6. “Orang-orang di sini tidak akan keberatan jika saya mengambil foto mereka dan mempostingnya di Instagram saya.”
Organisasi seperti Global Service Learning telah menulis tentang pedoman fotografi etis yang diterima secara luas untuk mengambil foto di luar negeri.
Foto pariwisata dapat melanggengkan stereotip, menurunkan budaya lokal, atau umumnya membuat penduduk setempat merasa tidak nyaman. Alih-alih menganggap bahwa foto Anda tidak berbahaya, selalu minta izin eksplisit sebelum memasukkan seseorang ke dalamnya.
7. "Setelah mengambil kelas sejarah di perguruan tinggi dan membaca Lonely Planet, saya tahu semua yang perlu saya ketahui tentang tempat ini."
Media, industri penerbitan, kurikulum sekolah, dan buku panduan perjalanan kami semuanya didominasi oleh orang-orang dari Barat. Dengan semua itu dalam pikiran, itu adil untuk mengatakan bahwa kebanyakan dari kita dibesarkan dikelilingi oleh pesan yang sangat bias dari negara-negara non-barat. Chimamanda Ngozi Adichie terkenal menyebutnya "bahaya satu cerita." Dia berpendapat bahwa kisah-kisah ini memberi kita ide "tidak lengkap" dari tempat yang tidak memperhitungkan konteks rumit suatu negara.
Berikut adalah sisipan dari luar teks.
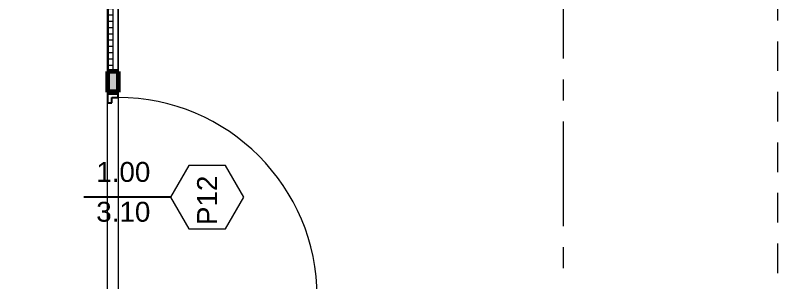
# Model space of a CAD drawing. Header units: inches. Extents: x -19 to 5698, y -728 to 92.
# Drawn here: x 139.93 to 143.583, y 31.842 to 33.118 of the extents above; entities that cross this region are included whole.
import ezdxf

# ---------------------------------------------------------------- set-up
doc = ezdxf.new("R2010")
doc.units = ezdxf.units.IN
doc.header["$MEASUREMENT"] = 0
doc.set_wipeout_variables(frame=1)
for name, pattern in [('Hidden Line', [0.195611, 0.141111, -0.0545]), ('Punto & Raya', [0.65, 0.5, -0.075, 0, -0.075]), ('Wipeout_Contour', [1, 0, -1])]:
    doc.linetypes.add(name, pattern=pattern)
doc.layers.get('0').update_dxf_attribs({"color": 61})
for name, color, linetype in [('02 _ ARQ _ ALB _ Muros Interiores', 7, 'Continuous'), ('02 _ ARQ _ ZON _ Espacio.3D', 7, 'Continuous'), ('08 _ STR _ EXT _ 09 Vigas', 251, 'Continuous'), ('Acabado - Muros', 7, 'Continuous'), ('Marcador - Secciones', 7, 'Continuous'), ('Notas - Etiquetas', 7, 'Continuous')]:
    doc.layers.add(name, color=color, linetype=linetype)
doc.styles.add('Estilo_Generado_4', font='swisse.ttf')
doc.dimstyles.new('Estilo_Generado__8', dxfattribs={"dimtxt": 0.18, "dimasz": 0.0912, "dimexe": 0.18, "dimexo": 0.0625, "dimgap": 0, "dimtad": 0, "dimtih": 1, "dimtoh": 1, "dimdec": 4, "dimzin": 0, "dimdsep": 46, "dimcen": 0.09, "dimadec": 0, "dimazin": 0, "dimtfac": 1, "dimtdec": 4, "dimtmove": 0, "dimatfit": 3, "dimldrblk": 'ARROWHEAD_5', "dimfxl": 1, "dimtolj": 1, "dimtzin": 0, "dimarcsym": 0})

# ---------------------------------------------------------------- blocks, each defined once
blk = doc.blocks.new('ARROWHEAD_5')
at = {"linetype": 'Continuous', "lineweight": 0}
blk.add_hatch(color=0, dxfattribs=at).paths.add_polyline_path([(-1, 0.2679), (0, 0), (-1, -0.2679)])
at = {"color": 0, "linetype": 'Continuous', "lineweight": 0}
blk.add_line((0, 0), (-1, 0), dxfattribs=at)

msp = doc.modelspace()

# ---------------------------------------------------------------- linework, layer by layer
at = {"layer": '02 _ ARQ _ ALB _ Muros Interiores', "color": 7, "linetype": 'Continuous', "lineweight": 80}
msp.add_line((140.37, 32.7503), (140.42, 32.7503), dxfattribs=at)
msp.add_line((140.37, 32.7503), (140.42, 32.7503), dxfattribs=at)
msp.add_line((140.37, 32.7503), (140.42, 32.7503), dxfattribs=at)
at = {"layer": '02 _ ARQ _ ALB _ Muros Interiores', "color": 165, "linetype": 'Continuous', "lineweight": 25}
for p, q in [((140.42, 32.7503), (140.37, 32.7503)), ((140.37, 32.7503), (140.37, 32.7003)), ((140.42, 32.7253), (140.42, 32.7503)), ((140.37, 32.7003), (140.39, 32.7003)), ((140.39, 32.7003), (140.39, 32.7253)), ((140.39, 32.7253), (140.42, 32.7253))]:
    msp.add_line(p, q, dxfattribs=at)
at = {"layer": '02 _ ARQ _ ALB _ Muros Interiores', "color": 152, "linetype": 'Continuous', "lineweight": 25}
msp.add_line((140.67, 32.2501), (140.2575, 32.2501), dxfattribs=at)
at = {"layer": '02 _ ARQ _ ALB _ Muros Interiores', "color": 251, "linetype": 'Continuous', "lineweight": 13, "flags": 128}
msp.add_lwpolyline([(141.02, 32.2501), (140.9325, 32.4017), (140.7575, 32.4017), (140.67, 32.2501), (140.7575, 32.0986), (140.9325, 32.0986)], close=True, dxfattribs=at)
at = {"layer": '02 _ ARQ _ ALB _ Muros Interiores', "color": 165, "linetype": 'Continuous', "lineweight": 15}
msp.add_arc((140.42, 31.775), 0.9503, 0, 90, dxfattribs=at)
at = {"layer": '02 _ ARQ _ ZON _ Espacio.3D', "color": 254, "linetype": 'Continuous', "lineweight": 0, "flags": 128}
msp.add_lwpolyline([(136.57, 31), (137.07, 31), (137.07, 29.75), (140.37, 29.75), (140.3701, 39), (140.37, 39), (140.37, 39.9003), (137.07, 39.9003), (137.07, 39), (136.57, 39)], dxfattribs=at)
msp.add_lwpolyline([(140.42, 39.75), (140.42, 32.7833), (140.42, 32.7833), (140.42, 31.7003), (140.42, 29.75), (143.07, 29.75), (143.07, 29.85), (143.07, 30.2), (143.57, 30.2), (143.57, 30.7), (144.07, 30.7), (144.07, 29.85), (145.27, 29.85), (145.27, 35.0505), (143.9201, 35.0505), (143.9201, 35.2005), (143.92, 35.2005), (143.92, 39), (143.57, 39), (143.57, 39.4), (143.17, 39.4), (143.17, 39.75)], close=True, dxfattribs=at)
at = {"layer": '08 _ STR _ EXT _ 09 Vigas', "color": 251, "linetype": 'Hidden Line', "lineweight": 13, "true_color": 0x636466}
msp.add_line((143.57, 30.2), (143.57, 39.4), dxfattribs=at)
at = {"layer": 'Acabado - Muros', "color": 7, "linetype": 'Continuous', "lineweight": 60}
msp.add_line((140.42, 32.7503), (140.37, 32.7503), dxfattribs=at)
at = {"layer": 'Marcador - Secciones', "color": 251, "linetype": 'Punto & Raya', "lineweight": 13, "true_color": 0x636466}
msp.add_line((142.5454, 46.2111), (142.5454, 0.9472), dxfattribs=at)

# ---------------------------------------------------------------- texts
at = {"layer": '02 _ ARQ _ ALB _ Muros Interiores', "color": 5, "lineweight": 25, "char_height": 0.095, "attachment_point": 7, "style": 'Estilo_Generado_4'}
for s, insert in [('\\A1;{\\pql;\\pt0;\\fSwis721 Ex BT|b0|i0|c0|p34;1.00\\fSwis721 Ex BT|b0|i0|c0|p34;\\A1{\\H.66x;\\S^  ;}\\fSwis721 Ex BT|b0|i0|c0|p34;\\fSwis721 Ex BT|b0|i0|c0|p34;}', (140.316, 32.2952)), ('\\A1;{\\pql;\\pt0;\\fSwis721 Ex BT|b0|i0|c0|p34;3.10\\fSwis721 Ex BT|b0|i0|c0|p34;\\A1{\\H.66x;\\S^  ;}\\fSwis721 Ex BT|b0|i0|c0|p34;\\fSwis721 Ex BT|b0|i0|c0|p34;}', (140.316, 32.1052))]:
    msp.add_mtext(s, dxfattribs=dict(at, insert=insert))
at = {"layer": '02 _ ARQ _ ALB _ Muros Interiores', "color": 5, "lineweight": 25, "insert": (140.8925, 32.1168), "char_height": 0.095, "attachment_point": 7, "rotation": 90, "style": 'Estilo_Generado_4'}
msp.add_mtext('\\A1;{\\pql;\\pt0;\\fSwis721 Ex BT|b0|i0|c0|p34;P12\\fSwis721 Ex BT|b0|i0|c0|p34;\\fSwis721 Ex BT|b0|i0|c0|p34;\\fSwis721 Ex BT|b0|i0|c0|p34;}', dxfattribs=at)

# ---------------------------------------------------------------- next in the draw order: wipeouts: each hides what was drawn before it
at = {"color": 254, "linetype": 'Wipeout_Contour', "lineweight": 0, "ltscale": 3410.450685}
msp.add_wipeout([(140.37, 32.8503), (140.42, 32.8503), (140.42, 34.1433), (140.37, 34.1433)], dxfattribs=at).dxf.layer = 'Acabado - Muros'

# ---------------------------------------------------------------- next in the draw order: linework, layer by layer
at = {"layer": 'Acabado - Muros', "color": 7, "linetype": 'Continuous', "lineweight": 60}
msp.add_line((140.42, 32.8503), (140.42, 32.7503), dxfattribs=at)
at = {"layer": 'Acabado - Muros', "color": 251, "linetype": 'Continuous', "lineweight": 13, "flags": 128}
for points in [[(140.37, 32.8503), (140.37, 34.1433)], [(140.42, 32.8503), (140.42, 34.1433)]]:
    msp.add_lwpolyline(points, dxfattribs=at)

# ---------------------------------------------------------------- next in the draw order: wipeouts: each hides what was drawn before it
at = {"color": 254, "linetype": 'Wipeout_Contour', "lineweight": 0, "ltscale": 3410.410717}
msp.add_wipeout([(140.375, 34.1433), (140.375, 32.8503), (140.395, 32.8503), (140.395, 34.1433)], dxfattribs=at).dxf.layer = 'Acabado - Muros'

# ---------------------------------------------------------------- next in the draw order: hatches: boundary and pattern name
at = {"layer": 'Acabado - Muros', "linetype": 'Continuous', "lineweight": 0}
h = msp.add_hatch(dxfattribs=at)
h.set_pattern_fill('CONTRACHAPADO_0002', color=254, style=0, pattern_type=2)
h.set_pattern_definition([(0, (92.500015, 6e-09), (0, 0.030000001), [])])
h.paths.add_polyline_path([(140.375, 34.1433), (140.375, 32.8503), (140.395, 32.8503), (140.395, 34.1433)])
msp.add_hatch(color=254, dxfattribs=at).paths.add_polyline_path([(140.37, 32.8503), (140.37, 32.7503), (140.42, 32.7503), (140.42, 32.8503)])

# ---------------------------------------------------------------- next in the draw order: linework, layer by layer
at = {"layer": 'Acabado - Muros', "color": 7, "linetype": 'Continuous', "lineweight": 60}
for p, q in [((140.37, 32.8503), (140.37, 32.7503)), ((140.42, 32.8503), (140.37, 32.8503))]:
    msp.add_line(p, q, dxfattribs=at)
at = {"layer": 'Acabado - Muros', "color": 7, "linetype": 'Continuous', "lineweight": 13, "flags": 128}
msp.add_lwpolyline([(140.375, 34.1433), (140.395, 34.1433), (140.395, 32.8503), (140.375, 32.8503)], close=True, dxfattribs=at)

# ---------------------------------------------------------------- next in the draw order: leaders
at = {"layer": 'Notas - Etiquetas', "color": 144, "linetype": 'Continuous', "lineweight": 13, "annotation_type": 0, "has_hookline": 1, "hookline_direction": 1, "text_width": 1.9482, "horizontal_direction": (0, 1, 0)}
msp.add_leader([(140.385, 36.3251), (140.6153, 36.104), (140.6153, 33.8518)], dimstyle='Estilo_Generado__8', dxfattribs=at)

doc.saveas('drawing.dxf')
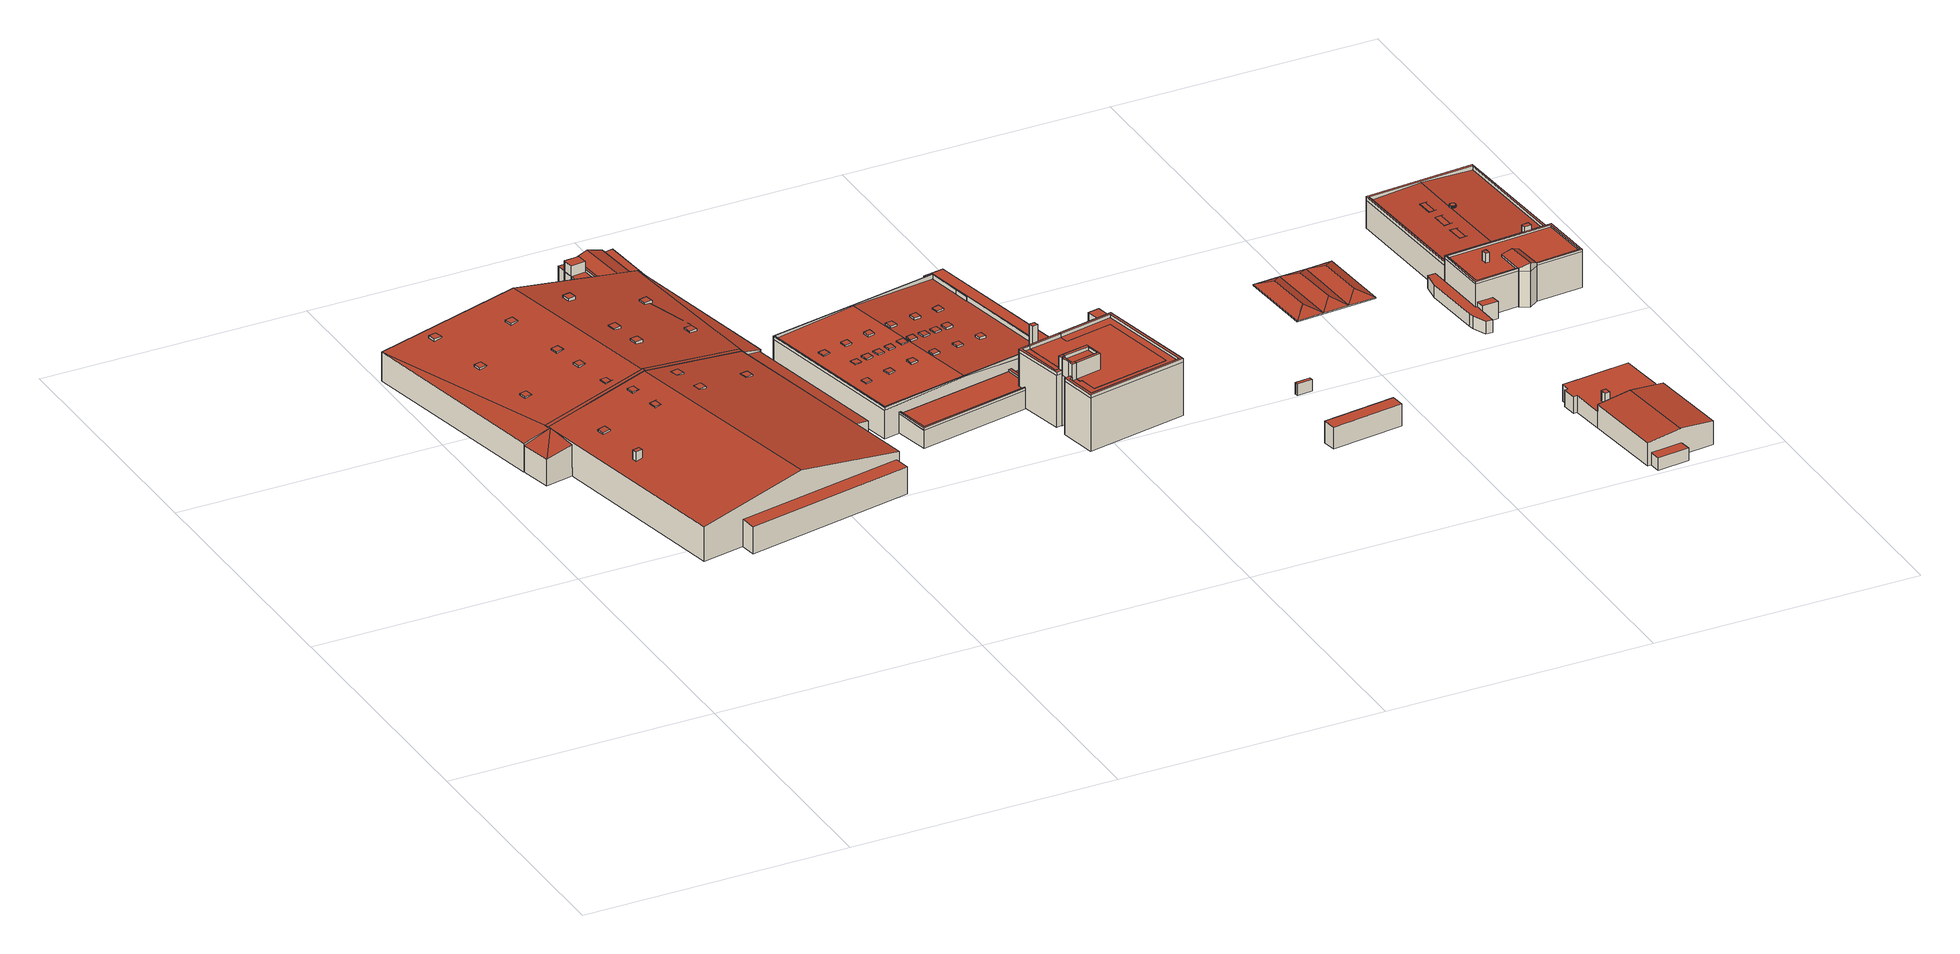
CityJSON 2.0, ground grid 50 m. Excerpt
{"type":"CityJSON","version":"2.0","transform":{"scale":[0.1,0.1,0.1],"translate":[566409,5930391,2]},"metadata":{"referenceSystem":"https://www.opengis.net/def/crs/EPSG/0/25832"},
"CityObjects":{
"building1":{"type":"Building","attributes":{"Grundfläche 2D":"3794.839281","Grundhöhe NN":"2.474"},"children":["building1-1","building1-2","building1-3","building1-4","building1-5","building1-6","building1-7","building1-8","building1-9","building1-10","building1-11","building1-12","building1-13","building1-14","building1-15","building1-16","building1-17","building1-18","building1-19","building1-20","building1-21"],"geometry":[{"type":"Solid","lod":"3","boundaries":[[[[0,1,2,3,4,5,6,7]],[[8,0,7,9]],[[10,11,12,13,14,15]],[[12,11,16,17,18]],[[19,20,21,22]],[[23,24,25,14]],[[20,19,26,15,27,14,25,28,29]],[[15,14,27]],[[16,30,31,22,21,32,33,17]],[[34,35,36,37,38,39,40,41,42,43,44]],[[45,46,47,48]],[[49,50,51,52,53]],[[54,55,52,51,56,57,58]],[[59,60,61,62,63]],[[64,65,66,67]],[[68,69,70,71,72,73]],[[74,17,75]],[[76,17,74]],[[31,30,4,3]],[[6,5,4,30,16,11,10,9,7]],[[8,9,10,15]],[[22,31,3,2,1,0,8,15,26,19]],[[48,47,77,78]],[[45,48,78,79]],[[44,43,80,81]],[[34,44,81,82]],[[35,34,82,83]],[[36,35,83,84]],[[37,36,84,85]],[[38,37,85,86]],[[39,38,86,87]],[[40,39,87,88]],[[89,73,49,53,90]],[[49,73,72,50]],[[51,50,72,91,92,56]],[[56,92,80,43,42,58,57]],[[63,55,54,59]],[[41,40,61,60,59,54,58,42]],[[61,40,88,93,62]],[[13,12,18,94,95]],[[46,14,13,95,77,47]],[[96,24,23,14,46,45,79]],[[24,96,90,53,25]],[[55,63,62,93,97,66,65,98,99,21,20,29,28,25,53,52]],[[32,21,99,100]],[[17,33,32,100,101,75]],[[94,18,17,76,102]],[[103,67,66,97]],[[64,67,103,104]],[[65,64,104,98]],[[68,73,89,105]],[[69,68,105,106]],[[70,69,106,107]],[[71,70,107,108]],[[72,71,108,91]],[[74,75,101,109]],[[76,74,109,102]],[[93,88,87,86,85,84,83,82,81,80,92,91,108,107,106,105,89,90,96,79,78,77,95,94,102,109,101,100,99,98,104,103,97]]]],"semantics":{"surfaces":[{"type":"RoofSurface"},{"type":"WallSurface"},{"type":"GroundSurface"}],"values":[[0,0,0,0,0,0,0,0,0,0,0,0,0,0,0,0,0,0,1,1,1,1,1,1,1,1,1,1,1,1,1,1,1,1,1,1,1,1,1,1,1,1,1,1,1,1,1,1,1,1,1,1,1,1,1,1,1,2]]}}]},
"building1-1":{"type":"BuildingInstallation","parents":["building1"],"geometry":[{"type":"MultiSurface","lod":"3","boundaries":[[[110,111,112,113]],[[113,112,114,115]],[[110,113,115,116]],[[111,110,116,117]],[[112,111,117,114]]],"semantics":{"surfaces":[{"type":"RoofSurface"},{"type":"WallSurface"}],"values":[0,1,1,1,1]}}]},
"building1-2":{"type":"BuildingInstallation","parents":["building1"],"geometry":[{"type":"MultiSurface","lod":"3","boundaries":[[[118,119,120,121]],[[121,120,122,123]],[[118,121,123,124]],[[119,118,124,125]],[[120,119,125,122]]],"semantics":{"surfaces":[{"type":"RoofSurface"},{"type":"WallSurface"}],"values":[0,1,1,1,1]}}]},
"building1-3":{"type":"BuildingInstallation","parents":["building1"],"geometry":[{"type":"MultiSurface","lod":"3","boundaries":[[[126,127,128,129,130,131]],[[44,129,128,57,43]],[[44,132,130,129]],[[131,133,41,126]],[[126,41,42,58,127]],[[128,127,58,42,43,57]]],"semantics":{"surfaces":[{"type":"RoofSurface"},{"type":"WallSurface"}],"values":[0,1,1,1,1,1]}}]},
"building1-4":{"type":"BuildingInstallation","parents":["building1"],"geometry":[{"type":"MultiSurface","lod":"3","boundaries":[[[134,135,136,137,138,139]],[[35,36,137,136,135,130,132]],[[36,37,138,137]],[[37,38,133,131,134,139,138]],[[131,130,135,134]]],"semantics":{"surfaces":[{"type":"RoofSurface"},{"type":"WallSurface"}],"values":[0,1,1,1,1]}}]},
"building1-5":{"type":"BuildingInstallation","parents":["building1"],"geometry":[{"type":"MultiSurface","lod":"3","boundaries":[[[140,141,142,143]],[[143,142,144,145]],[[140,143,145,146]],[[141,140,146,147]],[[142,141,147,144]]],"semantics":{"surfaces":[{"type":"RoofSurface"},{"type":"WallSurface"}],"values":[0,1,1,1,1]}}]},
"building1-6":{"type":"BuildingInstallation","parents":["building1"],"geometry":[{"type":"MultiSurface","lod":"3","boundaries":[[[148,149,150,151]],[[151,150,152,153]],[[153,154,148,151]],[[154,155,149,148]],[[150,149,155,152]]],"semantics":{"surfaces":[{"type":"RoofSurface"},{"type":"WallSurface"}],"values":[0,1,1,1,1]}}]},
"building1-7":{"type":"BuildingInstallation","parents":["building1"],"geometry":[{"type":"MultiSurface","lod":"3","boundaries":[[[156,157,158,159]],[[158,160,159]],[[157,156,161]],[[158,157,161,160]]],"semantics":{"surfaces":[{"type":"RoofSurface"},{"type":"WallSurface"}],"values":[0,1,1,1]}}]},
"building1-8":{"type":"BuildingInstallation","parents":["building1"],"geometry":[{"type":"MultiSurface","lod":"3","boundaries":[[[162,163,164,165]],[[165,164,166,167]],[[162,165,167,168]],[[163,162,168,169]],[[164,163,169,166]]],"semantics":{"surfaces":[{"type":"RoofSurface"},{"type":"WallSurface"}],"values":[0,1,1,1,1]}}]},
"building1-9":{"type":"BuildingInstallation","parents":["building1"],"geometry":[{"type":"MultiSurface","lod":"3","boundaries":[[[170,171,172,173]],[[173,172,174,175]],[[170,173,175,176]],[[171,170,176,177]],[[172,171,177,174]]],"semantics":{"surfaces":[{"type":"RoofSurface"},{"type":"WallSurface"}],"values":[0,1,1,1,1]}}]},
"building1-10":{"type":"BuildingInstallation","parents":["building1"],"geometry":[{"type":"MultiSurface","lod":"3","boundaries":[[[178,179,180,181]],[[181,180,182,183]],[[178,181,183,184]],[[179,178,184,185]],[[180,179,185,182]]],"semantics":{"surfaces":[{"type":"RoofSurface"},{"type":"WallSurface"}],"values":[0,1,1,1,1]}}]},
"building1-11":{"type":"BuildingInstallation","parents":["building1"],"geometry":[{"type":"MultiSurface","lod":"3","boundaries":[[[186,187,188,189]],[[189,188,190,191]],[[186,189,191,192]],[[187,186,192,193]],[[188,187,193,190]]],"semantics":{"surfaces":[{"type":"RoofSurface"},{"type":"WallSurface"}],"values":[0,1,1,1,1]}}]},
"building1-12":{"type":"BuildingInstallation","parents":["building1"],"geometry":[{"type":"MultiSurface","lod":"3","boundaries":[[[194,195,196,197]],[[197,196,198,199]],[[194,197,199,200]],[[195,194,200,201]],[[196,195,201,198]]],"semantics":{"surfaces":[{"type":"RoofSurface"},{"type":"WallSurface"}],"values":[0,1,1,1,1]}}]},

Kita tidak akan pernah bisa mengharapkan buku atau kelas kuliah untuk menangkap 200 tahun sejarah Amerika yang kompleks dan sempurna. Jadi kami tidak dapat menganggap diri kami ahli dalam sejarah suatu wilayah hanya karena kami telah meluangkan waktu untuk mempelajarinya. Alih-alih, kita harus mengambil "kisah" apa pun yang pernah kita dengar tentang tempat dengan dosis skeptis yang sehat, tetap ingin tahu, dan tidak pernah percaya bahwa kita telah mendengar semua yang perlu kita ketahui.